Vilella Baixa estaba encaramada como una hiedra en una de las cimas del Montseny. El carrer que no pasa había permanecido intacto desde su construcción por los sarracenos en el siglo XIV . Nadie entendía muy bien el calificativo de «Baixa» adscrito a Vilella en los registros municipales. Sobre todo, si se accedía a ella por el este, gracias a la ondulada carretera procedente de Falset, cabeza del partido municipal. Hacía falta entrar por el oeste para descubrir el enigma: a diez kilómetros, se dejaba atrás Vilella Alta, todavía más escarpada en la bruma que su vecina y tocaya. Era evidente que Vilella Baixa debía su nombre a la simple presencia cercana de una Vilella todavía más alta.

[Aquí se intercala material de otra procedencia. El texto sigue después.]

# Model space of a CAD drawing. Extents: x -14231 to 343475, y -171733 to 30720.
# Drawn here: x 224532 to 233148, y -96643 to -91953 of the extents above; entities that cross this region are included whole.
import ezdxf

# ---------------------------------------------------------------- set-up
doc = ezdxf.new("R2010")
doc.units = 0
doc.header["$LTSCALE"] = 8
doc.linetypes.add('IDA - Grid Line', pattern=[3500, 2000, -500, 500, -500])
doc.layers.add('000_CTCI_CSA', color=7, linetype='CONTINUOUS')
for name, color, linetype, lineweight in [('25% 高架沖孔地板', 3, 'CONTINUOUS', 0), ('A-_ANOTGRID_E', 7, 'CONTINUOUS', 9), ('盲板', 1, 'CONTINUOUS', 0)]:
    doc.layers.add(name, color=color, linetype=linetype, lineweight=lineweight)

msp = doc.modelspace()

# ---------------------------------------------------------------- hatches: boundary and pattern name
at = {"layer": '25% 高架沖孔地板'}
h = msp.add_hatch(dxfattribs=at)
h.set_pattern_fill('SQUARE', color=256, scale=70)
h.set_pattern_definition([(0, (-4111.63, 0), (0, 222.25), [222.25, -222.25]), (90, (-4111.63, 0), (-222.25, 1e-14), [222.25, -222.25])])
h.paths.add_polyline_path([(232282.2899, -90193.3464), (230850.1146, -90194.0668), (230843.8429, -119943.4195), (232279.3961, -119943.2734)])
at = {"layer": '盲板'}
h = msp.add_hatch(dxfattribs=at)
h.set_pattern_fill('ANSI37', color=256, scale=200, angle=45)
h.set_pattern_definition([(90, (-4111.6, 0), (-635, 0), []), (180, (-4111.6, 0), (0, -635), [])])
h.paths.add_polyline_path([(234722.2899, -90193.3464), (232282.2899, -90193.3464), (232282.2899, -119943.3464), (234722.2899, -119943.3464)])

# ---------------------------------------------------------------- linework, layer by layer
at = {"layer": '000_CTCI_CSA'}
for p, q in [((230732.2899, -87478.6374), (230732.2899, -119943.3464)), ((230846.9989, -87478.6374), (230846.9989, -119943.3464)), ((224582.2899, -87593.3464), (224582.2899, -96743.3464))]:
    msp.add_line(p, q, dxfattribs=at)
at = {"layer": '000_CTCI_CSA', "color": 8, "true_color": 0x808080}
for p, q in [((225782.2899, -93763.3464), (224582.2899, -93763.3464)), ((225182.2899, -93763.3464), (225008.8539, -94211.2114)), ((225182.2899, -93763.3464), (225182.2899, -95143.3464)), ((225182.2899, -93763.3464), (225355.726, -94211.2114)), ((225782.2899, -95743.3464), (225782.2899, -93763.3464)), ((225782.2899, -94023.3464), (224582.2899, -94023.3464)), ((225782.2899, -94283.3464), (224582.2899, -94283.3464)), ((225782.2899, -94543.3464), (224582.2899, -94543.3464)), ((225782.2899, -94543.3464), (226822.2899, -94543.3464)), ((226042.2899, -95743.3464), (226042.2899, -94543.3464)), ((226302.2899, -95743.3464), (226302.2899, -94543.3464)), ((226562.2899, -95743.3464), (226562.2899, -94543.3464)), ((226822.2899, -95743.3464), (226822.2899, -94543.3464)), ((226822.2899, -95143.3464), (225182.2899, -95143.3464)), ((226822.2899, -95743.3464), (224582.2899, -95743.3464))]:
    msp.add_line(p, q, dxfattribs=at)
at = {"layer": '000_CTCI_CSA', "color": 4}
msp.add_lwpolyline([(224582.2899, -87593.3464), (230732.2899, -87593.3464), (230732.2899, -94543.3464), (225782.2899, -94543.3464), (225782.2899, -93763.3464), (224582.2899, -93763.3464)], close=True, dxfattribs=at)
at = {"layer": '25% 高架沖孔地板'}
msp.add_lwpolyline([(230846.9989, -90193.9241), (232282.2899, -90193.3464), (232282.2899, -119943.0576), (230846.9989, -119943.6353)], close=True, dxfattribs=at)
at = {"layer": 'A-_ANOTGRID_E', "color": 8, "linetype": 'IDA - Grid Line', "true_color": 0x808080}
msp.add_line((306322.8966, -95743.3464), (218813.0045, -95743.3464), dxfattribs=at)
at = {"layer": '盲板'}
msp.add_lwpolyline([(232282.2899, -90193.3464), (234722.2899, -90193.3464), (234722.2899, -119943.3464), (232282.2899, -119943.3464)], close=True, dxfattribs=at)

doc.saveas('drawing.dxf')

El silencio del mediodía en verano es hoy todavía un punto de referencia capital para la diáspora del Priorato. Se puede oír el aliento de las gentes mientras vuelven a su origen mineral durante unos instantes, los animales y las escasas plantas. El intento de las cigarras por romper, al unísono, este silencio, es como las agujas de acupuntura que inmovilizan los resortes nerviosos de un cuerpo ya de por sí maltrecho. Millones de ciudadanos nacen, viven y mueren sin haber experimentado nunca este tipo de silencio. ¿Cómo aprender entonces que la manipulación del silencio o del tiempo son variables tan fundamentales como la acción o la palabra?